### THE RECORDS ###
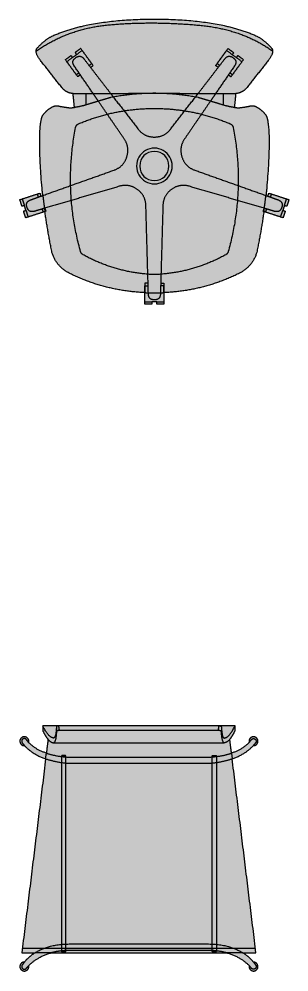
# Model space of a CAD drawing. Header units: metres. Extents: x -17 to 580, y -130 to 19.
# Drawn here: x 302.816 to 303.354, y -20.205 to -18.304 of the extents above; entities that cross this region are included whole.
import ezdxf

# ---------------------------------------------------------------- set-up
doc = ezdxf.new("R2010")
doc.units = ezdxf.units.M
doc.linetypes.add('Style Black Lines_2', pattern=[0])
doc.layers.add('Furniture', color=7, linetype='Continuous', true_color=0x7a8bf7)
doc.layers.add('Imported blocks', color=7, linetype='Continuous', true_color=0x7a8bf7)

# ---------------------------------------------------------------- blocks, each defined once
blk = doc.blocks.new('Aeron')
at = {"layer": 'Imported blocks', "transparency": 33554483}
h = blk.add_hatch(color=256, dxfattribs=at)
edge = h.paths.add_edge_path(flags=0)
edge.add_spline(control_points=[(0.3572, 0.0933), (0.3572, 0.0816), (0.3572, 0.07)], knot_values=[0, 0, 0, 1, 1, 1], degree=2, periodic=0)
edge.add_spline(control_points=[(0.3572, 0.07), (0.3502, 0.07), (0.3432, 0.07)], knot_values=[0, 0, 0, 1, 1, 1], degree=2, periodic=0)
edge.add_spline(control_points=[(0.3432, 0.07), (0.3432, 0.0725), (0.3432, 0.075)], knot_values=[0, 0, 0, 1, 1, 1], degree=2, periodic=0)
edge.add_spline(control_points=[(0.3432, 0.075), (0.3382, 0.075), (0.3332, 0.075)], knot_values=[0, 0, 0, 1, 1, 1], degree=2, periodic=0)
edge.add_spline(control_points=[(0.3332, 0.075), (0.3332, 0.0725), (0.3332, 0.07)], knot_values=[0, 0, 0, 1, 1, 1], degree=2, periodic=0)
edge.add_spline(control_points=[(0.3332, 0.07), (0.3262, 0.07), (0.3192, 0.07)], knot_values=[0, 0, 0, 1, 1, 1], degree=2, periodic=0)
edge.add_spline(control_points=[(0.3192, 0.07), (0.3192, 0.0816), (0.3192, 0.0933)], knot_values=[0, 0, 0, 1, 1, 1], degree=2, periodic=0)
edge.add_spline(control_points=[(0.3192, 0.0933), (0.2384, 0.0965), (0.1662, 0.1332)], knot_values=[0, 0, 0, 1, 1, 1], degree=2, periodic=0)
edge.add_spline(control_points=[(0.1662, 0.1332), (0.142, 0.147), (0.134, 0.1736)], knot_values=[0, 0, 0, 1, 1, 1], degree=2, periodic=0)
edge.add_spline(control_points=[(0.134, 0.1736), (0.1257, 0.2141), (0.12, 0.2549)], knot_values=[0, 0, 0, 1, 1, 1], degree=2, periodic=0)
edge.add_spline(control_points=[(0.12, 0.2549), (0.1008, 0.2487), (0.0817, 0.2425)], knot_values=[0, 0, 0, 1, 1, 1], degree=2, periodic=0)
edge.add_spline(control_points=[(0.0817, 0.2425), (0.0796, 0.2492), (0.0774, 0.2559)], knot_values=[0, 0, 0, 1, 1, 1], degree=2, periodic=0)
edge.add_spline(control_points=[(0.0774, 0.2559), (0.0798, 0.2566), (0.0822, 0.2574)], knot_values=[0, 0, 0, 1, 1, 1], degree=2, periodic=0)
edge.add_spline(control_points=[(0.0822, 0.2574), (0.0806, 0.2622), (0.0791, 0.2669)], knot_values=[0, 0, 0, 1, 1, 1], degree=2, periodic=0)
edge.add_spline(control_points=[(0.0791, 0.2669), (0.0767, 0.2661), (0.0743, 0.2654)], knot_values=[0, 0, 0, 1, 1, 1], degree=2, periodic=0)
edge.add_spline(control_points=[(0.0743, 0.2654), (0.0722, 0.272), (0.07, 0.2787)], knot_values=[0, 0, 0, 1, 1, 1], degree=2, periodic=0)
edge.add_spline(control_points=[(0.07, 0.2787), (0.09, 0.2852), (0.1099, 0.2917)], knot_values=[0, 0, 0, 1, 1, 1], degree=2, periodic=0)
edge.add_spline(control_points=[(0.1099, 0.2917), (0.1109, 0.2886), (0.1119, 0.2856)], knot_values=[0, 0, 0, 1, 1, 1], degree=2, periodic=0)
edge.add_spline(control_points=[(0.1119, 0.2856), (0.1139, 0.2863), (0.1158, 0.287)], knot_values=[0, 0, 0, 1, 1, 1], degree=2, periodic=0)
edge.add_spline(control_points=[(0.1158, 0.287), (0.115, 0.2941), (0.1142, 0.3013)], knot_values=[0, 0, 0, 1, 1, 1], degree=2, periodic=0)
edge.add_spline(control_points=[(0.1142, 0.3013), (0.1044, 0.422), (0.1153, 0.4465)], knot_values=[0, 0, 0, 1, 1, 1], degree=2, periodic=0)
edge.add_spline(control_points=[(0.1153, 0.4465), (0.1236, 0.458), (0.1362, 0.4644)], knot_values=[0, 0, 0, 1, 1, 1], degree=2, periodic=0)
edge.add_spline(control_points=[(0.1362, 0.4644), (0.1415, 0.467), (0.1471, 0.4655)], knot_values=[0, 0, 0, 1, 1, 1], degree=2, periodic=0)
edge.add_spline(control_points=[(0.1471, 0.4655), (0.1581, 0.4632), (0.1692, 0.462)], knot_values=[0, 0, 0, 1, 1, 1], degree=2, periodic=0)
edge.add_spline(control_points=[(0.1692, 0.462), (0.1738, 0.462), (0.1788, 0.4626)], knot_values=[0, 0, 0, 1, 1, 1], degree=2, periodic=0)
edge.add_spline(control_points=[(0.1788, 0.4626), (0.1775, 0.4765), (0.1761, 0.4903)], knot_values=[0, 0, 0, 1, 1, 1], degree=2, periodic=0)
edge.add_spline(control_points=[(0.1761, 0.4903), (0.1633, 0.4914), (0.1548, 0.5009)], knot_values=[0, 0, 0, 1, 1, 1], degree=2, periodic=0)
edge.add_spline(control_points=[(0.1548, 0.5009), (0.1331, 0.5285), (0.1113, 0.5561)], knot_values=[0, 0, 0, 1, 1, 1], degree=2, periodic=0)
edge.add_spline(control_points=[(0.1113, 0.5561), (0.0982, 0.573), (0.1046, 0.581)], knot_values=[0, 0, 0, 1, 1, 1], degree=2, periodic=0)
edge.add_spline(control_points=[(0.1046, 0.581), (0.1172, 0.5955), (0.1339, 0.6049)], knot_values=[0, 0, 0, 1, 1, 1], degree=2, periodic=0)
edge.add_spline(control_points=[(0.1339, 0.6049), (0.2101, 0.6389), (0.3382, 0.6389)], knot_values=[0, 0, 0, 1, 1, 1], degree=2, periodic=0)
edge.add_spline(control_points=[(0.3382, 0.6389), (0.4664, 0.6389), (0.5425, 0.6049)], knot_values=[0, 0, 0, 1, 1, 1], degree=2, periodic=0)
edge.add_spline(control_points=[(0.5425, 0.6049), (0.5593, 0.5955), (0.5718, 0.581)], knot_values=[0, 0, 0, 1, 1, 1], degree=2, periodic=0)
edge.add_spline(control_points=[(0.5718, 0.581), (0.5782, 0.573), (0.5651, 0.5561)], knot_values=[0, 0, 0, 1, 1, 1], degree=2, periodic=0)
edge.add_spline(control_points=[(0.5651, 0.5561), (0.5434, 0.5285), (0.5216, 0.5009)], knot_values=[0, 0, 0, 1, 1, 1], degree=2, periodic=0)
edge.add_spline(control_points=[(0.5216, 0.5009), (0.5131, 0.4914), (0.5004, 0.4903)], knot_values=[0, 0, 0, 1, 1, 1], degree=2, periodic=0)
edge.add_spline(control_points=[(0.5004, 0.4903), (0.499, 0.4765), (0.4976, 0.4626)], knot_values=[0, 0, 0, 1, 1, 1], degree=2, periodic=0)
edge.add_spline(control_points=[(0.4976, 0.4626), (0.5026, 0.462), (0.5072, 0.462)], knot_values=[0, 0, 0, 1, 1, 1], degree=2, periodic=0)
edge.add_spline(control_points=[(0.5072, 0.462), (0.5184, 0.4632), (0.5293, 0.4655)], knot_values=[0, 0, 0, 1, 1, 1], degree=2, periodic=0)
edge.add_spline(control_points=[(0.5293, 0.4655), (0.535, 0.467), (0.5402, 0.4644)], knot_values=[0, 0, 0, 1, 1, 1], degree=2, periodic=0)
edge.add_spline(control_points=[(0.5402, 0.4644), (0.5529, 0.458), (0.5611, 0.4465)], knot_values=[0, 0, 0, 1, 1, 1], degree=2, periodic=0)
edge.add_spline(control_points=[(0.5611, 0.4465), (0.5721, 0.422), (0.5622, 0.3013)], knot_values=[0, 0, 0, 1, 1, 1], degree=2, periodic=0)
edge.add_spline(control_points=[(0.5622, 0.3013), (0.5614, 0.2941), (0.5606, 0.287)], knot_values=[0, 0, 0, 1, 1, 1], degree=2, periodic=0)
edge.add_spline(control_points=[(0.5606, 0.287), (0.5626, 0.2863), (0.5645, 0.2856)], knot_values=[0, 0, 0, 1, 1, 1], degree=2, periodic=0)
edge.add_spline(control_points=[(0.5645, 0.2856), (0.5655, 0.2886), (0.5665, 0.2917)], knot_values=[0, 0, 0, 1, 1, 1], degree=2, periodic=0)
edge.add_spline(control_points=[(0.5665, 0.2917), (0.5865, 0.2852), (0.6064, 0.2787)], knot_values=[0, 0, 0, 1, 1, 1], degree=2, periodic=0)
edge.add_spline(control_points=[(0.6064, 0.2787), (0.6043, 0.272), (0.6021, 0.2654)], knot_values=[0, 0, 0, 1, 1, 1], degree=2, periodic=0)
edge.add_spline(control_points=[(0.6021, 0.2654), (0.5997, 0.2661), (0.5974, 0.2669)], knot_values=[0, 0, 0, 1, 1, 1], degree=2, periodic=0)
edge.add_spline(control_points=[(0.5974, 0.2669), (0.5958, 0.2622), (0.5943, 0.2574)], knot_values=[0, 0, 0, 1, 1, 1], degree=2, periodic=0)
edge.add_spline(control_points=[(0.5943, 0.2574), (0.5966, 0.2566), (0.599, 0.2559)], knot_values=[0, 0, 0, 1, 1, 1], degree=2, periodic=0)
edge.add_spline(control_points=[(0.599, 0.2559), (0.5969, 0.2492), (0.5947, 0.2425)], knot_values=[0, 0, 0, 1, 1, 1], degree=2, periodic=0)
edge.add_spline(control_points=[(0.5947, 0.2425), (0.5756, 0.2487), (0.5565, 0.2549)], knot_values=[0, 0, 0, 1, 1, 1], degree=2, periodic=0)
edge.add_spline(control_points=[(0.5565, 0.2549), (0.5507, 0.2141), (0.5424, 0.1736)], knot_values=[0, 0, 0, 1, 1, 1], degree=2, periodic=0)
edge.add_spline(control_points=[(0.5424, 0.1736), (0.5344, 0.147), (0.5103, 0.1332)], knot_values=[0, 0, 0, 1, 1, 1], degree=2, periodic=0)
edge.add_spline(control_points=[(0.5103, 0.1332), (0.4381, 0.0965), (0.3572, 0.0933)], knot_values=[0, 0, 0, 1, 1, 1], degree=2, periodic=0)
at = {"layer": 'Imported blocks', "linetype": 'Style Black Lines_2'}
for points in [[(0.2013, 0.4903), (0.2013, 0.4675)], [(0.4751, 0.4903), (0.4751, 0.4675)]]:
    blk.add_lwpolyline(points, dxfattribs=at)
at = {"layer": 'Imported blocks'}
for points, degree in [([(0.1029, 0.5753), (0.1682, 0.6207), (0.2505, 0.6277)], 2), ([(0.1339, 0.6049), (0.2101, 0.6389), (0.3382, 0.6389)], 2), ([(0.2505, 0.6277), (0.3382, 0.6351), (0.4287, 0.6265)], 2), ([(0.3382, 0.6389), (0.4664, 0.6389), (0.5425, 0.6049)], 2), ([(0.4287, 0.6265), (0.5135, 0.6185), (0.5736, 0.5753)], 2), ([(0.1046, 0.581), (0.1172, 0.5955), (0.1339, 0.6049)], 2), ([(0.5425, 0.6049), (0.5593, 0.5955), (0.5718, 0.581)], 2), ([(0.1113, 0.5561), (0.0982, 0.573), (0.1046, 0.581)], 2), ([(0.1944, 0.5761), (0.179, 0.565), (0.1636, 0.5538)], 2), ([(0.1914, 0.5802), (0.1858, 0.5761), (0.1801, 0.572)], 2), ([(0.1801, 0.572), (0.1816, 0.5699), (0.1831, 0.5679)], 2), ([(0.2161, 0.5462), (0.2038, 0.5632), (0.1914, 0.5802)], 2), ([(0.2132, 0.5502), (0.2038, 0.5632), (0.1944, 0.5761)], 2), ([(0.4603, 0.5462), (0.4726, 0.5632), (0.485, 0.5802)], 2), ([(0.482, 0.5761), (0.4726, 0.5632), (0.4632, 0.5502)], 2), ([(0.5128, 0.5538), (0.4974, 0.565), (0.482, 0.5761)], 2), ([(0.485, 0.5802), (0.4906, 0.5761), (0.4963, 0.572)], 2), ([(0.4963, 0.572), (0.4948, 0.5699), (0.4934, 0.5679)], 2), ([(0.5718, 0.581), (0.5782, 0.573), (0.5651, 0.5561)], 2), ([(0.1548, 0.5009), (0.1331, 0.5285), (0.1113, 0.5561)], 2), ([(0.1607, 0.5578), (0.1664, 0.562), (0.172, 0.5661)], 2), ([(0.1854, 0.5239), (0.1731, 0.5409), (0.1607, 0.5578)], 2), ([(0.1636, 0.5538), (0.1731, 0.5409), (0.1825, 0.5279)], 2), ([(0.172, 0.5661), (0.1735, 0.5641), (0.175, 0.562)], 2), ([(0.1784, 0.5454), (0.1718, 0.555), (0.1813, 0.5618)], 2), ([(0.1813, 0.5618), (0.1907, 0.5687), (0.1978, 0.5595)], 2), ([(0.1978, 0.5595), (0.2244, 0.525), (0.2509, 0.4906)], 2), ([(0.4256, 0.4906), (0.4521, 0.525), (0.4786, 0.5595)], 2), ([(0.4786, 0.5595), (0.4857, 0.5687), (0.4951, 0.5618)], 2), ([(0.491, 0.5239), (0.5034, 0.5409), (0.5157, 0.5578)], 2), ([(0.494, 0.5279), (0.5034, 0.5409), (0.5128, 0.5538)], 2), ([(0.4951, 0.5618), (0.5046, 0.555), (0.498, 0.5454)], 2), ([(0.5044, 0.5661), (0.5029, 0.5641), (0.5015, 0.562)], 2), ([(0.5157, 0.5578), (0.5101, 0.562), (0.5044, 0.5661)], 2), ([(0.5651, 0.5561), (0.5434, 0.5285), (0.5216, 0.5009)], 2), ([(0.216, 0.4905), (0.1972, 0.5179), (0.1784, 0.5454)], 2), ([(0.2079, 0.5464), (0.2106, 0.5483), (0.2132, 0.5502)], 2), ([(0.211, 0.5424), (0.2135, 0.5443), (0.2161, 0.5462)], 2), ([(0.4655, 0.5424), (0.4629, 0.5443), (0.4603, 0.5462)], 2), ([(0.498, 0.5454), (0.4792, 0.5179), (0.4604, 0.4905)], 2), ([(0.4632, 0.5502), (0.4659, 0.5483), (0.4685, 0.5464)], 2), ([(0.1825, 0.5279), (0.1851, 0.5298), (0.1877, 0.5318)], 2), ([(0.1906, 0.5276), (0.188, 0.5257), (0.1854, 0.5239)], 2), ([(0.4859, 0.5276), (0.4885, 0.5257), (0.491, 0.5239)], 2), ([(0.4887, 0.5318), (0.4913, 0.5298), (0.494, 0.5279)], 2), ([(0.1761, 0.4903), (0.1633, 0.4914), (0.1548, 0.5009)], 2), ([(0.5216, 0.5009), (0.5131, 0.4914), (0.5004, 0.4903)], 2), ([(0.1761, 0.4903), (0.2571, 0.4906), (0.3382, 0.491)], 2), ([(0.1788, 0.4626), (0.1775, 0.4765), (0.1761, 0.4903)], 2), ([(0.2265, 0.4751), (0.2213, 0.4828), (0.216, 0.4905)], 2), ([(0.2505, 0.4823), (0.2385, 0.4787), (0.2265, 0.4751)], 2), ([(0.3382, 0.4908), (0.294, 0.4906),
###
WHAT YOU ARE ASKED TO DO: What lines above contain the string "Imported"? Copy all of them.

SOLUTION TO THIS EXERCISE:
doc.layers.add('Imported blocks', color=7, linetype='Continuous', true_color=0x7a8bf7)
at = {"layer": 'Imported blocks', "transparency": 33554483}
at = {"layer": 'Imported blocks', "linetype": 'Style Black Lines_2'}
at = {"layer": 'Imported blocks'}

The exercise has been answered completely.